5:16–18. These verses represent the formal introduction to the controversy scenes of the Festival Cycle. The focus is on Jesus’ identity and his relation to the Sabbath. The man’s report to the authorities is pictured as transferring the investigation committee’s hostility from the paralytic to Jesus (5:16). Indeed, the statement that the Sabbath issue was the reason why the Jews “persecuted” Jesus is John’s way of formally defining for the first time in this severe way the authorities’ relationship to Jesus. But the issue of the Sabbath is transposed into an even more serious charge in the discussion that follows. That charge will become the reason for the crucifixion. As a result, the argument that follows is strategic to Johannine theology. There is an interesting presuppositional agreement between the rabbis and Jesus.

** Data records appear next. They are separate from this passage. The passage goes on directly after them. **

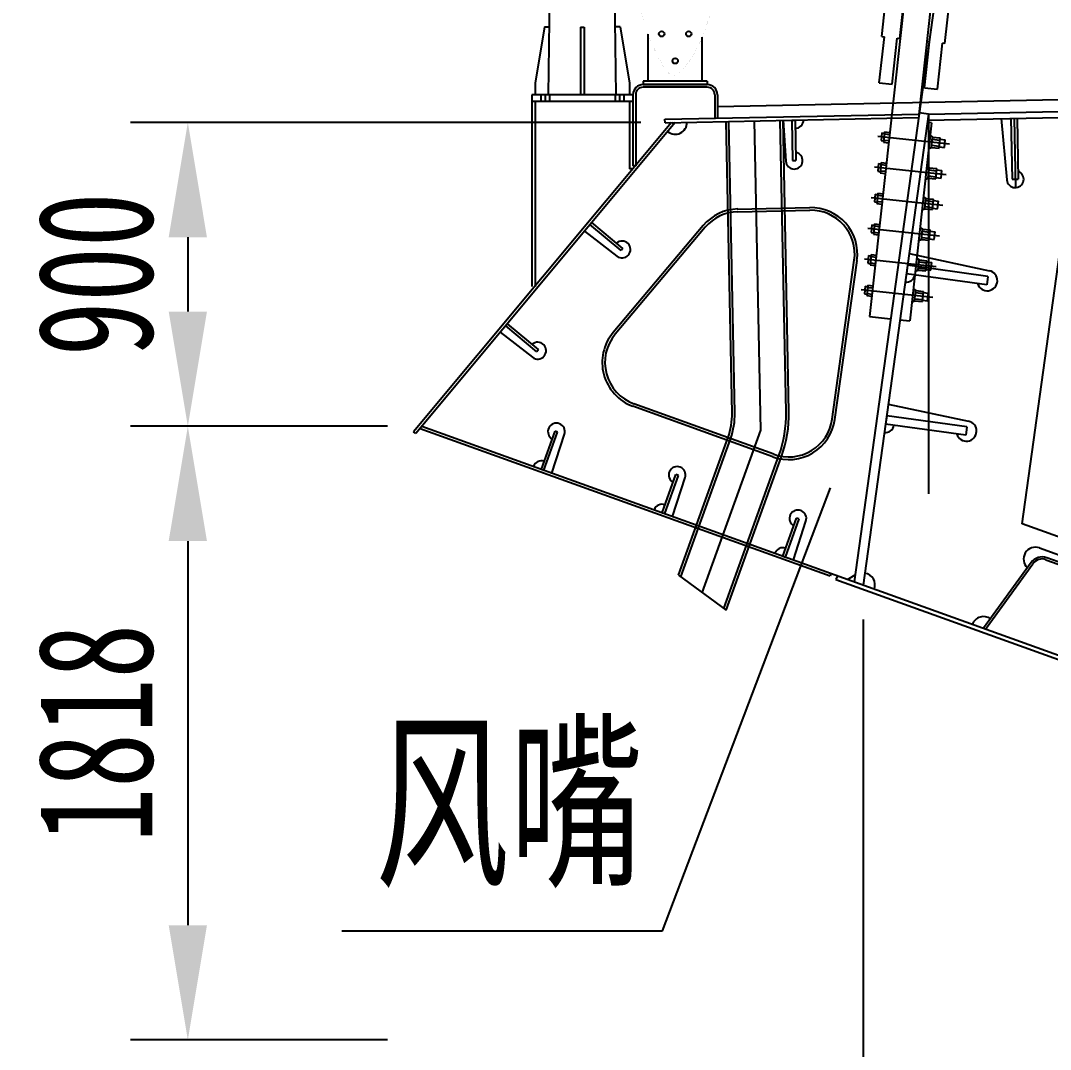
# Model space of a CAD drawing. Header units: millimetres. Extents: x 102424 to 134099, y 4640 to 15391.
# Drawn here: x 102424 to 105473, y 7045 to 10093 of the extents above; entities that cross this region are included whole.
import ezdxf

# ---------------------------------------------------------------- set-up
doc = ezdxf.new("R2010")
doc.units = ezdxf.units.MM
doc.linetypes.add('DASHED', pattern=[19.05, 12.7, -6.35])
doc.layers.get('Defpoints').update_dxf_attribs({"color": 250})
doc.layers.add('实线', color=7, linetype='Continuous', lineweight=25)
doc.styles.get("Standard").update_dxf_attribs({"font": '', "width": 0.7})
doc.styles.get('Standard').set_extended_font_data('FangSong_GB2312')
doc.dimstyles.new('1-1-150', dxfattribs={"dimscale": 170, "dimtxt": 2, "dimasz": 2, "dimexe": 1, "dimexo": 0.6, "dimgap": 0.6, "dimtad": 1, "dimdec": 1, "dimdsep": 46, "dimtxsty": 'Standard', "dimcen": 2.5, "dimclrd": 3, "dimclre": 3, "dimclrt": 7, "dimadec": 4, "dimazin": 2, "dimtfac": 1, "dimtdec": 1, "dimtmove": 2, "dimatfit": 3, "dimfxl": 1, "dimlwd": -1, "dimlwe": -1, "dimarcsym": 0})

# ---------------------------------------------------------------- blocks, each defined once
blk = doc.blocks.new('*D109')
at = {"color": 7, "transparency": 16777216}
for p, q in [((103612.4, 6971.3), (103612.4, 4640.5)), ((133712.4, 6971.3), (133712.4, 4640.5)), ((133372.4, 4810.5), (103952.4, 4810.5))]:
    blk.add_line(p, q, dxfattribs=at)
for points in [[(103952.4, 4867.1), (103952.4, 4753.8), (103612.4, 4810.5)], [(133372.4, 4867.1), (133372.4, 4753.8), (133712.4, 4810.5)]]:
    blk.add_solid(points, dxfattribs=at)
at = {"layer": 'Defpoints', "color": 0, "transparency": 16777216}
for p in [(103612.4, 7073.3), (133712.4, 7073.3), (103612.4, 4810.5)]:
    blk.add_point(p, dxfattribs=at)
at = {"color": 7, "transparency": 16777216, "insert": (118662.4, 5082.5), "char_height": 340, "attachment_point": 5}
blk.add_mtext('30100', dxfattribs=at)
blk = doc.blocks.new('检修道栏杆')
at = {"color": 0, "ltscale": 0.3}
blk.add_line((95, 0), (-95, 0), dxfattribs=at)
at = {"layer": '实线'}
for p, q in [((-80, 10), (-80, 149.5)), ((80, 10), (80, 140.4)), ((-95, 10), (-95, 0)), ((95, 10), (-95, 10)), ((-95, 0), (95, 0)), ((95, 10), (95, 0))]:
    blk.add_line(p, q, dxfattribs=at)
at = {"layer": '实线', "const_width": 0.1}
blk.add_lwpolyline([(5.5, 1121.8), (2.8, 1118.8), (0.6, 1116.2), (-2.5, 1112.4), (-6.1, 1107.6), (-11, 1100.6), (-14.7, 1095.3), (-18.6, 1089.6), (-26.4, 1077.3), (-31.6, 1068.4), (-39.7, 1052.4), (-47.4, 1035.5), (-54, 1020.8), (-62.8, 997.5), (-70, 978.4), (-74.2, 966.8), (-78.8, 953.6), (-81.9, 944.4), (-85.2, 934.3), (-90.7, 917.2), (-95, 902.9), (-98.6, 890.5), (-102.8, 875.6), (-107.1, 859.6), (-111.4, 842.5), (-115, 827.4), (-117.8, 814.9), (-120.6, 801.8), (-123.2, 789.1), (-124.8, 780.9), (-126.4, 772.3), (-128.1, 763.2), (-129.6, 754.7), (-131.2, 745.1), (-132.5, 737), (-134.1, 726.6), (-136.1, 713), (-137.8, 701), (-139.7, 686.1), (-141.7, 668.1), (-143.3, 652.2), (-144.5, 637.5), (-145.9, 618.2), (-146.6, 605.4), (-147.2, 589.2), (-147.6, 573.8), (-147.8, 556), (-147.7, 538.8), (-147.2, 517.7), (-146.4, 495.8), (-145.2, 473.6), (-143.8, 454.3), (-142.3, 435.9), (-140.3, 415.5), (-136.7, 383.4), (-133.4, 359.9), (-129.9, 337.8), (-125.7, 314.6), (-121, 292.4), (-113.5, 260.8), (-106, 231.9), (-98.1, 203.7), (-92.5, 185.1), (-85.3, 163.5), (-71.9, 128.2), (-62.6, 106.5), (-49.6, 80.2), (-34.8, 54.3), (-25.9, 41.1), (-17.7, 32.6), (-14.1, 30.1), (-10.1, 28), (-5.9, 26.6), (-3.3, 26.5), (0.2, 27.5), (5.6, 30.5), (11.4, 34.7), (16.8, 39.4), (21.4, 43.9), (29.8, 53.6), (37.5, 63.7), (43.7, 72.7), (50.3, 83.1), (56.6, 93.6), (65.6, 109.5), (75.2, 129.1), (82.8, 147), (89.8, 165.8), (96.2, 184.4), (103.6, 208.3), (107.4, 223.8), (108.8, 240.1), (108.9, 251.2), (106.3, 265), (102.3, 279.1), (96.3, 289.7), (87.3, 305.5), (77.1, 321.7), (60.1, 349.5), (44, 378.2), (32.5, 402.1), (19.7, 434.3), (8.6, 470), (-0.4, 508.4), (-6.7, 545.6), (-11.7, 591.3), (-14.4, 638.6), (-15.6, 682.7), (-16.6, 724.3), (-17.8, 769.9), (-18.3, 803.8), (-17.7, 843), (-15.4, 886.8), (-12.3, 932.7), (-8.1, 980), (1, 1028.2), (12.7, 1069.4), (18.5, 1084.4)], dxfattribs=at)
at = {"layer": '实线'}
for centre, radius in [((72.7, 1164), 41), ((72.7, 1164), 36), ((72.7, 1164), 32.5), ((-62.6, 840), 22.5), ((-77, 540), 22.5), ((-2.4, 240), 22.5), ((-40, 150), 8), ((40, 150), 8), ((0, 70), 8)]:
    blk.add_circle(centre, radius, dxfattribs=at)
for centre, radius, start, end in [((-56.7, 1187.6), 90.5, 313.3381, 349.4194), ((70.6, 1068.5), 54.5, 87.8006, 163.0602)]:
    blk.add_arc(centre, radius, start, end, dxfattribs=at)
blk.add_ellipse((-25.8, 1164), major_axis=(98.5, -17.4), ratio=0.5, start_param=0.897025, end_param=5.033859, dxfattribs=at)
at = {"layer": '实线', "linetype": 'DASHED'}
blk.add_ellipse((-25.8, 1164), major_axis=(98.5, -17.4), ratio=0.5, start_param=5.033859, end_param=5.803318, dxfattribs=at)
at = {"layer": '实线'}
blk.add_open_spline([(39.3, 1187.8), (36.6, 1189.4), (33.7, 1191), (24.8, 1195.6), (18.4, 1198.3), (4.9, 1203), (-2.2, 1205), (-16.6, 1208.2), (-24, 1209.5), (-38.7, 1211), (-46, 1211.3), (-60, 1211.1), (-66.8, 1210.6), (-79.5, 1208.6), (-85.4, 1207.2), (-94.9, 1204), (-98.7, 1202.4), (-105.5, 1198.7), (-108.4, 1196.7), (-112.7, 1192.9), (-114.3, 1191.1), (-116.9, 1187.5), (-117.8, 1185.6), (-119.2, 1181.8), (-119.5, 1179.8), (-119.7, 1175.8), (-119.5, 1173.8), (-118.4, 1169.5), (-117.6, 1167.3), (-115.3, 1162.7), (-113.8, 1160.4), (-110.1, 1155.8), (-107.9, 1153.5), (-103, 1148.9), (-100.2, 1146.6), (-94, 1142.2), (-90.7, 1140.1), (-81.6, 1135), (-75.6, 1132.2), (-62.8, 1127.2), (-56.1, 1124.9), (-42.1, 1121.3), (-34.9, 1119.8), (-20.5, 1117.7), (-13.2, 1117.1), (-5.1, 1116.9), (-4, 1116.8), (1.1, 1116.8)], degree=3, knots=[0.904811, 0.904811, 0.904811, 0.904811, 1.023766, 1.023766, 1.252436, 1.252436, 1.481105, 1.481105, 1.709775, 1.709775, 1.938444, 1.938444, 2.167114, 2.167114, 2.395783, 2.395783, 2.579566, 2.579566, 2.763348, 2.763348, 2.911829, 2.911829, 3.060309, 3.060309, 3.20879, 3.20879, 3.35727, 3.35727, 3.505751, 3.505751, 3.654231, 3.654231, 3.802712, 3.802712, 3.951192, 3.951192, 4.099673, 4.099673, 4.324322, 4.324322, 4.54897, 4.54897, 4.773619, 4.773619, 4.998268, 4.998268, 5.033859, 5.033859, 5.033859, 5.033859], dxfattribs=at)
at = {"layer": '实线', "linetype": 'DASHED'}
blk.add_open_spline([(1.1, 1116.8), (1, 1116.8), (4.9, 1116.9), (15, 1117.5), (21.1, 1118.3), (32.5, 1120.5), (37.8, 1122), (46.1, 1125.2), (49.4, 1126.8), (52.3, 1128.5)], degree=3, knots=[5.0338587, 5.0338587, 5.0338587, 5.0338587, 5.1583054, 5.1583054, 5.3731291, 5.3731291, 5.5879528, 5.5879528, 5.7530515, 5.7530515, 5.7530515, 5.7530515], dxfattribs=at)
blk = doc.blocks.new('*D122')
at = {"color": 7, "transparency": 16777216}
for p, q in [((104919, 8319), (104919, 5723.7)), ((108662.4, 6971.3), (108662.4, 5723.7)), ((108322.4, 5893.7), (105259, 5893.7))]:
    blk.add_line(p, q, dxfattribs=at)
for points in [[(105259, 5950.3), (105259, 5837), (104919, 5893.7)], [(108322.4, 5950.3), (108322.4, 5837), (108662.4, 5893.7)]]:
    blk.add_solid(points, dxfattribs=at)
at = {"layer": 'Defpoints', "color": 0, "transparency": 16777216}
for p in [(104919, 8421), (108662.4, 7073.3), (104919, 5893.7)]:
    blk.add_point(p, dxfattribs=at)
at = {"color": 7, "transparency": 16777216, "insert": (106790.7, 6165.7), "char_height": 340, "attachment_point": 5}
blk.add_mtext('3743.4', dxfattribs=at)
blk = doc.blocks.new('*D123')
at = {"color": 7, "transparency": 16777216}
for p, q in [((104919, 8319), (104919, 5723.7)), ((103612.4, 6971.3), (103612.4, 5723.7)), ((104579, 5893.7), (103952.4, 5893.7))]:
    blk.add_line(p, q, dxfattribs=at)
for points in [[(103952.4, 5950.3), (103952.4, 5837), (103612.4, 5893.7)], [(104579, 5950.3), (104579, 5837), (104919, 5893.7)]]:
    blk.add_solid(points, dxfattribs=at)
at = {"layer": 'Defpoints', "color": 0, "transparency": 16777216}
for p in [(104919, 8421), (103612.4, 7073.3), (103612.4, 5893.7)]:
    blk.add_point(p, dxfattribs=at)
at = {"color": 7, "transparency": 16777216, "insert": (104265.7, 6165.7), "char_height": 340, "attachment_point": 5}
blk.add_mtext('1306.6', dxfattribs=at)
blk = doc.blocks.new('底板U肋')
for p, q in [((94.9, 260), (-94.9, 260)), ((-94.9, 254), (94.9, 254)), ((-133.3, 231.1), (-200, 0)), ((-193.8, 0), (-127.6, 229.4)), ((127.6, 229.4), (193.8, 0)), ((200, 0), (133.3, 231.1)), ((-193.8, 0), (-199.5, 1.7)), ((193.8, 0), (199.5, 1.7))]:
    blk.add_line(p, q)
for centre, radius, start, end in [((-94.9, 220), 40, 90, 163.9092), ((-94.9, 220), 34, 90, 163.9092), ((94.9, 220), 40, 16.0908, 90), ((94.9, 220), 34, 16.0908, 90)]:
    blk.add_arc(centre, radius, start, end)
blk = doc.blocks.new('*D129')
at = {"color": 7, "transparency": 16777216}
for p, q in [((104260.4, 9791.3), (102749.5, 9791.3)), ((102919.5, 9451.3), (102919.5, 9231.3)), ((103510.4, 8891.3), (102749.5, 8891.3))]:
    blk.add_line(p, q, dxfattribs=at)
for points in [[(102862.8, 9451.3), (102976.1, 9451.3), (102919.5, 9791.3)], [(102862.8, 9231.3), (102976.1, 9231.3), (102919.5, 8891.3)]]:
    blk.add_solid(points, dxfattribs=at)
at = {"layer": 'Defpoints', "color": 0, "transparency": 16777216}
for p in [(104362.4, 9791.3), (102919.5, 8891.3), (103612.4, 8891.3)]:
    blk.add_point(p, dxfattribs=at)
at = {"color": 7, "transparency": 16777216, "insert": (102647.5, 9341.3), "char_height": 340, "attachment_point": 5, "rotation": 90}
blk.add_mtext('900', dxfattribs=at)
blk = doc.blocks.new('*D124')
at = {"color": 7, "transparency": 16777216}
for p, q in [((103510.4, 8891.3), (102749.5, 8891.3)), ((102919.5, 8551.3), (102919.5, 7413.3)), ((103510.4, 7073.3), (102749.5, 7073.3))]:
    blk.add_line(p, q, dxfattribs=at)
for points in [[(102862.8, 8551.3), (102976.1, 8551.3), (102919.5, 8891.3)], [(102862.8, 7413.3), (102976.1, 7413.3), (102919.5, 7073.3)]]:
    blk.add_solid(points, dxfattribs=at)
at = {"layer": 'Defpoints', "color": 0, "transparency": 16777216}
for p in [(103612.4, 8891.3), (102919.5, 7073.3), (103612.4, 7073.3)]:
    blk.add_point(p, dxfattribs=at)
at = {"color": 7, "transparency": 16777216, "insert": (102647.5, 7982.3), "char_height": 340, "attachment_point": 5, "rotation": 90}
blk.add_mtext('1818', dxfattribs=at)

msp = doc.modelspace()

# ---------------------------------------------------------------- linework, layer by layer
at = {"color": 7}
for p, q in [((103987.44, 9873.64), (104059.74, 15022.71)), ((104187.44, 9873.64), (104113.94, 14980.79)), ((105287.86, 11285.79), (104892.1, 8430.65)), ((104974.1, 10046), (105009.23, 10364.06)), ((105027.11, 10040.14), (105062.24, 10358.21)), ((105108.14, 10031.19), (105143.27, 10349.26)), ((105161.15, 10025.34), (105196.29, 10343.4)), ((103975.26, 10074.16), (103947.44, 9907.58)), ((104082.44, 10073.64), (104082.44, 9873.64)), ((104092.44, 10073.64), (104092.44, 9873.64)), ((104199.62, 10074.16), (104227.44, 9907.58)), ((105112.44, 9816.33), (118662.44, 10087.33)), ((104966.62, 9908.85), (104981.67, 10045.16)), ((104974.1, 10046), (104981.67, 10045.16)), ((105004.48, 9904.66), (105019.54, 10040.98)), ((105019.54, 10040.98), (105027.11, 10040.14)), ((105115.72, 10030.36), (105108.14, 10031.19)), ((105100.66, 9894.04), (105115.72, 10030.36)), ((105138.52, 9889.86), (105153.58, 10026.17)), ((105161.15, 10025.34), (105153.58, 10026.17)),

Both recognize the sense of God’s constant working in the world (defined by Christian theologians as the doctrine of providence). It is assumed that God continues to work on the Sabbath or the world would collapse. Yet the issue for the rabbis revolved around the fact that humans are not God and therefore must not try to act like God. But here is the point the evangelist was making. The working of Jesus is precisely the Johannine proclamation: Jesus is the Son of God and therefore the representative of God (cf. 20:28). So (a) if God can continue to work positively in creation on the Sabbath and not totally rest, and (b) if one can recognize that the works of Jesus are the works of God, then the question follows: Why are not the works of Jesus on the Sabbath legitimate?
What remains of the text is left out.